# Formed Bacon Recipe



## jimmyinsd (May 11, 2018)

Hey all,   looking for scratch made formed bacon seasoning recipes as I have been wanting to try it for a while now.  I have about 6 pounds of goose breast in the freezer that is going to meet the grinder and get mixed with about an equal amount of ground pork trim (30-35% fat) 

I know there are a lot of threads on here about formed bacon,  but many of them are using Curleys, Owens or other prepackaged spice kits.  I am hoping to find a recipe that looks good and tailor it from there.  Any help would be appreciated.... Bear, I was looking at your Bear loaf recipe,  does that end up with a bacon profile or just a really good sausage meat loaf finish to it?  
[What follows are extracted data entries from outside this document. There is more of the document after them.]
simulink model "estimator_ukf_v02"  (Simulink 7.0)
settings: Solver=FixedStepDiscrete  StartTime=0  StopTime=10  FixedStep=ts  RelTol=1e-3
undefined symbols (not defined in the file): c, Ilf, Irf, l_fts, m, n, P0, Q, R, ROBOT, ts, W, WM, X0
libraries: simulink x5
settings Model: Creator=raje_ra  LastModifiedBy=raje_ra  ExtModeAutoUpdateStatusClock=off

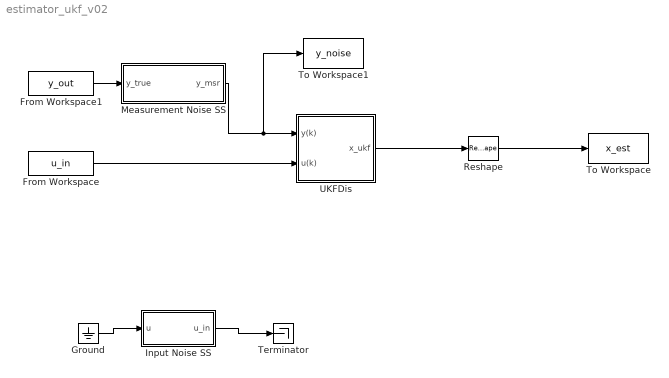
== system estimator_ukf_v02 ==
  From Workspace : FromWorkspace  VariableName=u_in  SampleTime=0
  From Workspace1 : FromWorkspace  VariableName=y_out  SampleTime=0
  Ground : Ground
  Input Noise SS : Subsystem
  Measurement Noise SS : Subsystem
  Reshape : Reshape
  Terminator : Terminator
  To Workspace : ToWorkspace  VariableName=x_est  SampleTime=-1  SaveFormat=Structure With Time
  To Workspace1 : ToWorkspace  VariableName=y_noise  SampleTime=-1  SaveFormat=Structure With Time
  UKFDis : Subsystem
  wires:
  UKFDis/1(x_ukf) -> Reshape/1
  From Workspace1/1 -> Measurement Noise SS/1(y_true)
  From Workspace/1 -> UKFDis/2(u(k))
  Reshape/1 -> To Workspace/1
  Measurement Noise SS/1(y_msr) -> UKFDis/1(y(k)), To Workspace1/1
  Ground/1 -> Input Noise SS/1(u)
  Input Noise SS/1(u_in) -> Terminator/1

== system estimator_ukf_v02/Input Noise SS ==
  note: Noise with Sandard Deviation 1e-1 is added to inputs
  u : Inport  OutDataType=sfix(16)  OutScaling=2^0
  Band-Limited White Noise1 : simulink/Sources/Band-Limited White Noise  SystemSampleTime=-1  Cov=[1e-5]  Ts=ts  seed=[23341]
  Sum : Sum  Inputs=|++  OutDataType=sfix(16)  OutScaling=2^0
  u_in : Outport
  wires:
  Band-Limited White Noise1/1 -> Sum/2
  Sum/1 -> u_in/1
  u/1 -> Sum/1

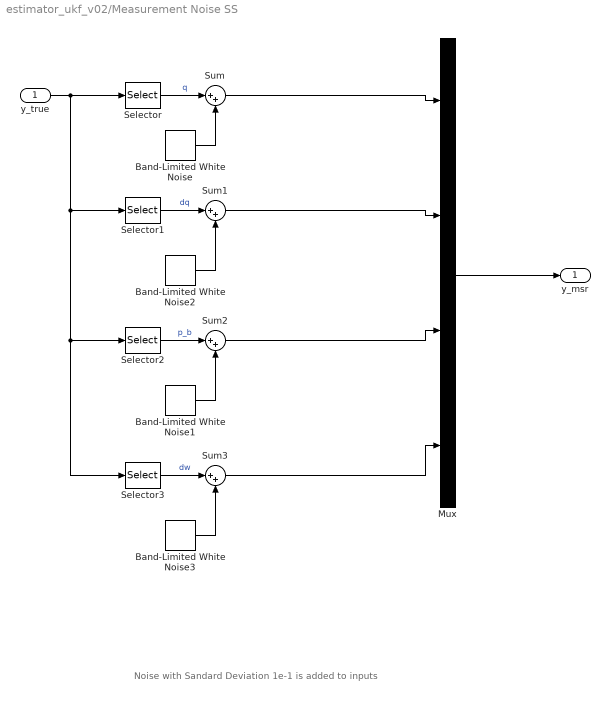
== system estimator_ukf_v02/Measurement Noise SS ==
  note: Noise with Sandard Deviation 1e-1 is added to inputs
  y_true : Inport  OutDataType=sfix(16)  OutScaling=2^0
  Band-Limited White Noise : simulink/Sources/Band-Limited White Noise  SystemSampleTime=-1  Cov=[1e-9]  Ts=ts  seed=[23341]
  Band-Limited White Noise1 : simulink/Sources/Band-Limited White Noise  SystemSampleTime=-1  Cov=[1e-5]  Ts=ts  seed=[23341]
  Band-Limited White Noise2 : simulink/Sources/Band-Limited White Noise  SystemSampleTime=-1  Cov=[1e-7]  Ts=ts  seed=[23341]
  Band-Limited White Noise3 : simulink/Sources/Band-Limited White Noise  SystemSampleTime=-1  Cov=[1e-7]  Ts=ts  seed=[23341]
  Mux : Mux
  Selector : Selector  InputPortWidth=m  IndexOptions=Index vector (dialog)  Indices=[1:25]  OutputSizes=1
  Selector1 : Selector  InputPortWidth=m  IndexOptions=Index vector (dialog)  Indices=[26:50]  OutputSizes=1
  Selector2 : Selector  InputPortWidth=m  IndexOptions=Index vector (dialog)  Indices=[51:53]  OutputSizes=1
  Selector3 : Selector  InputPortWidth=m  IndexOptions=Index vector (dialog)  Indices=[54:56]  OutputSizes=1
  Sum{,1..3} (4 alike) : Sum  Inputs=|++  OutDataType=sfix(16)  OutScaling=2^0
  y_msr : Outport
  wires:
  Mux/1 -> y_msr/1
  Sum3/1 -> Mux/4
  Sum2/1 -> Mux/3
  Sum1/1 -> Mux/2
  Sum/1 -> Mux/1
  Selector3/1 -> Sum3/1  "dw"
  Band-Limited White Noise3/1 -> Sum3/2
  Selector2/1 -> Sum2/1  "p_b"
  Band-Limited White Noise1/1 -> Sum2/2
  Band-Limited White Noise2/1 -> Sum1/2
  Selector1/1 -> Sum1/1  "dq"
  Selector/1 -> Sum/1  "q"
  y_true/1 -> Selector3/1, Selector2/1, Selector1/1, Selector/1
  Band-Limited White Noise/1 -> Sum/2

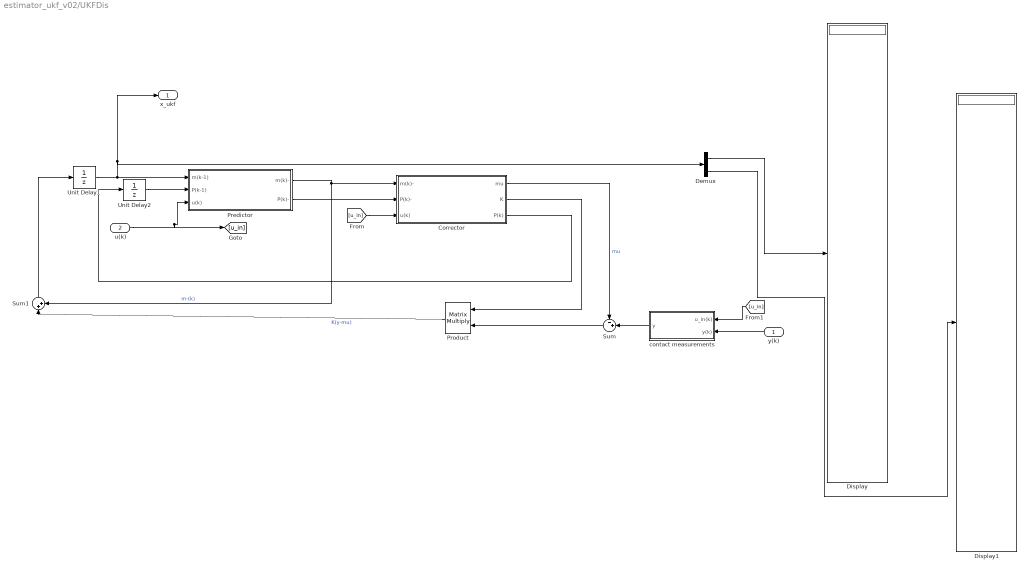
== system estimator_ukf_v02/UKFDis ==
  y(k) : Inport  Orientation=left
  u(k) : Inport  Port=2
  Corrector : Subsystem
  Demux : Demux  Outputs=2
  Display : Display
  Display1 : Display
  Predictor : Subsystem
  Product : Product  Orientation=left  Multiplication=Matrix(*)  OutDataType=sfix(16)  OutScaling=2^0  RndMeth=Zero
  Sum : Sum  Orientation=left  Inputs=-+|  OutDataType=sfix(16)  OutScaling=2^0
  Sum1 : Sum  Orientation=up  Inputs=|++  OutDataType=sfix(16)  OutScaling=2^0
  Unit Delay1 : UnitDelay  X0=X0  SampleTime=-1
  Unit Delay2 : UnitDelay  X0=P0  SampleTime=-1
  contact measurements : Subsystem  Orientation=left
  x_ukf : Outport  OutDataType=sfix(16)  OutScaling=2^0
  wires:
  Sum1/1 -> Unit Delay1/1
  Unit Delay1/1 -> Predictor/1(m(k-1)), x_ukf/1, Demux/1
  Predictor/1(m(k)-) -> Sum1/2, Corrector/1(m(k)-)  "m-(k)"
  Predictor/2(P(k)-) -> Corrector/2(P(k)-)
  Corrector/1(mu) -> Sum/1  "mu"
  Corrector/2(K) -> Product/1
  Sum/1 -> Product/2
  Product/1 -> Sum1/1  "K(y-mu)"
  Unit Delay2/1 -> Predictor/2(P(k-1))
  Corrector/3(P(k)) -> Unit Delay2/1
  u(k)/1 -> Predictor/3(u(k)), [u_in]
  [u_in] -> Corrector/3(u(k))
  contact measurements/1(y) -> Sum/2
  [u_in] -> contact measurements/1(u_in(k))
  y(k)/1 -> contact measurements/2(y(k))
  Demux/1 -> Display/1
  Demux/2 -> Display1/1

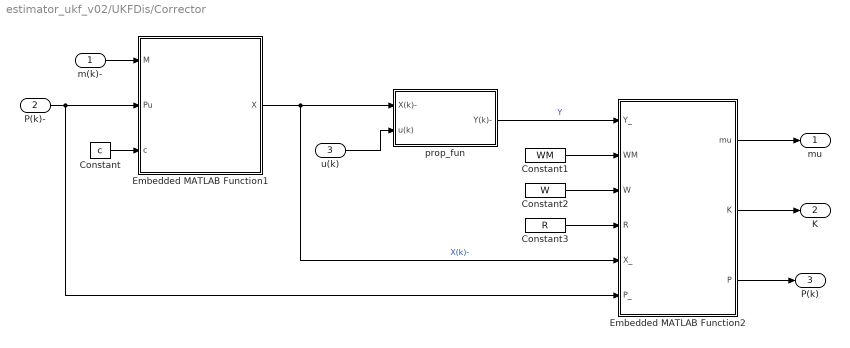
== system estimator_ukf_v02/UKFDis/Corrector ==
  m(k)- : Inport
  P(k)- : Inport  Port=2
  u(k) : Inport  Port=3
  Constant : Constant  Value=c  OutDataType=sfix(16)  OutScaling=2^0
  Constant1 : Constant  Value=WM  VectorParams1D=off  OutDataType=sfix(16)  OutScaling=2^0
  Constant2 : Constant  Value=W  VectorParams1D=off  OutDataType=sfix(16)  OutScaling=2^0
  Constant3 : Constant  Value=R  VectorParams1D=off  OutDataType=sfix(16)  OutScaling=2^0
  Embedded MATLAB Function1 : Stateflow chart
  Embedded MATLAB Function2 : Stateflow chart
  prop_fun : Subsystem
  mu : Outport
  K : Outport  Port=2
  P(k) : Outport  Port=3
  wires:
  u(k)/1 -> prop_fun/2(u(k))
  m(k)-/1 -> Embedded MATLAB Function1/1(M)
  P(k)-/1 -> Embedded MATLAB Function1/2(Pu), Embedded MATLAB Function2/6(P_)
  Constant/1 -> Embedded MATLAB Function1/3(c)
  Embedded MATLAB Function1/1(X) -> prop_fun/1(X(k)-), Embedded MATLAB Function2/5(X_)  "X(k)-"
  prop_fun/1(Y(k)-) -> Embedded MATLAB Function2/1(Y_)  "Y"
  Constant1/1 -> Embedded MATLAB Function2/2(WM)
  Constant2/1 -> Embedded MATLAB Function2/3(W)
  Constant3/1 -> Embedded MATLAB Function2/4(R)
  Embedded MATLAB Function2/1(mu) -> mu/1
  Embedded MATLAB Function2/2(K) -> K/1
  Embedded MATLAB Function2/3(P) -> P(k)/1

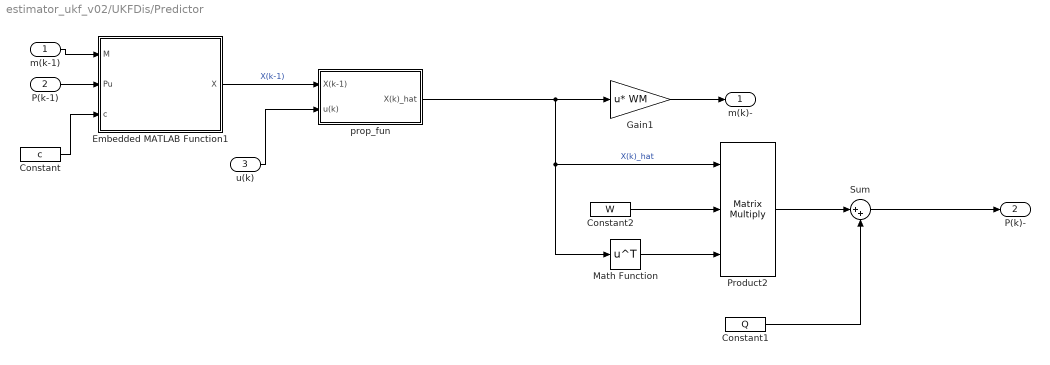
== system estimator_ukf_v02/UKFDis/Predictor ==
  m(k-1) : Inport
  P(k-1) : Inport  Port=2
  u(k) : Inport  Port=3
  Constant : Constant  Value=c  OutDataType=sfix(16)  OutScaling=2^0
  Constant1 : Constant  Value=Q  OutDataType=sfix(16)  OutScaling=2^0
  Constant2 : Constant  Value=W  OutDataType=sfix(16)  OutScaling=2^0
  Embedded MATLAB Function1 : Stateflow chart
  Gain1 : Gain  Gain=WM  Multiplication=Matrix(u*K)  ParameterDataType=sfix(16)  ParameterScaling=2^0  OutDataType=sfix(16)  OutScaling=2^0
  Math Function : Math  Operator=transpose  OutDataType=sfix(16)  OutScaling=2^0  SaturateOnIntegerOverflow=on
  Product2 : Product  Inputs=3  Multiplication=Matrix(*)  OutDataType=sfix(16)  OutScaling=2^0  RndMeth=Zero
  Sum : Sum  Inputs=|++  OutDataType=sfix(16)  OutScaling=2^0
  prop_fun : Subsystem
  m(k)- : Outport
  P(k)- : Outport  Port=2
  wires:
  u(k)/1 -> prop_fun/2(u(k))
  Embedded MATLAB Function1/1(X) -> prop_fun/1(X(k-1))  "X(k-1)"
  Product2/1 -> Sum/1
  Constant1/1 -> Sum/2
  Sum/1 -> P(k)-/1
  Constant/1 -> Embedded MATLAB Function1/3(c)
  m(k-1)/1 -> Embedded MATLAB Function1/1(M)
  P(k-1)/1 -> Embedded MATLAB Function1/2(Pu)
  Gain1/1 -> m(k)-/1
  prop_fun/1(X(k)_hat) -> Gain1/1, Math Function/1, Product2/1  "X(k)_hat"
  Constant2/1 -> Product2/2
  Math Function/1 -> Product2/3

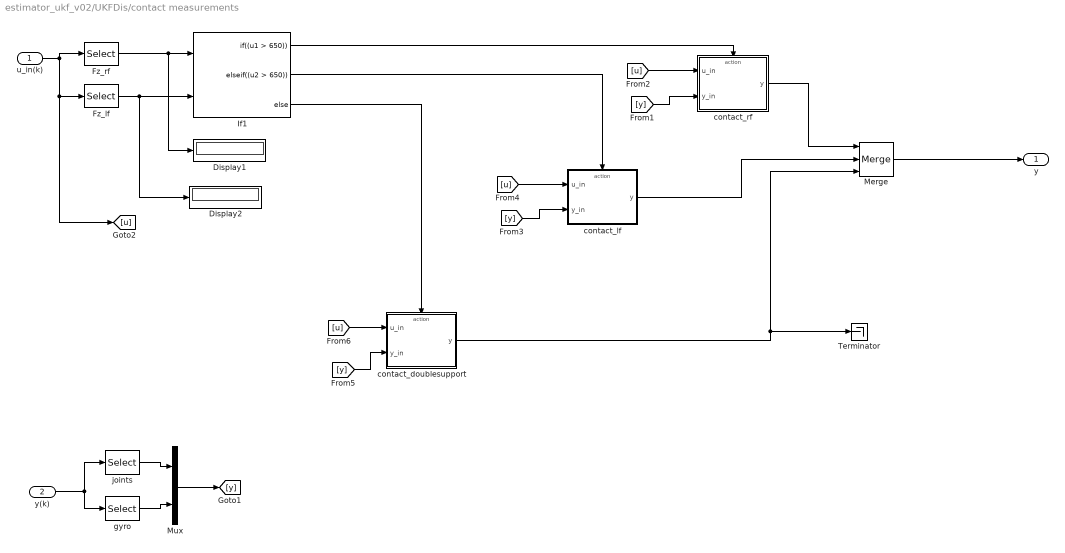
== system estimator_ukf_v02/UKFDis/contact measurements ==
  u_in(k) : Inport
  y(k) : Inport  Port=2
  Display1 : Display
  Display2 : Display
  Fz_lf : Selector  InputPortWidth=37  IndexOptions=Index vector (dialog)  Indices=3  OutputSizes=1
  Fz_rf : Selector  InputPortWidth=37  IndexOptions=Index vector (dialog)  Indices=3  OutputSizes=1
  If1 : If  NumInputs=2  IfExpression=(u1 > 650)  ElseIfExpressions=(u2 > 650)
  Merge : Merge  Inputs=3
  Mux : Mux  Inputs=2
  Terminator : Terminator
  contact_doublesupport : Subsystem
  contact_lf : Subsystem
  contact_rf : Subsystem
  gyro : Selector  InputPortWidth=56  IndexOptions=Index vector (dialog)  Indices=[51:56]  OutputSizes=1
  joints : Selector  InputPortWidth=56  IndexOptions=Index vector (dialog)  Indices=1:50  OutputSizes=1
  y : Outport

Anyway,  thanks in advance for any help or direction.


----------



## biteme7951 (May 11, 2018)

Here is one for venison but you could use goose.

VENISON BACON


3 lbs Venison
2 lbs fatty pork (or ground pork/pork sausage)
1 T paprika
1 T garlic powder
1 T onion powder
1 tsp black pepper
1 tsp cayenne (optional)
2 T kosher salt + 1 tsp #1 Instacure, or 7.5 tsp of Tenderquick
2 tsp liquid smoke (5 tsp if you are not smoking it)
1 cup non-fat dried milk powder
1 cup Ice water
Bear's loaf recipe can be put in pans and set overnight in the fridge to firm up then flipped on a rack and smoked.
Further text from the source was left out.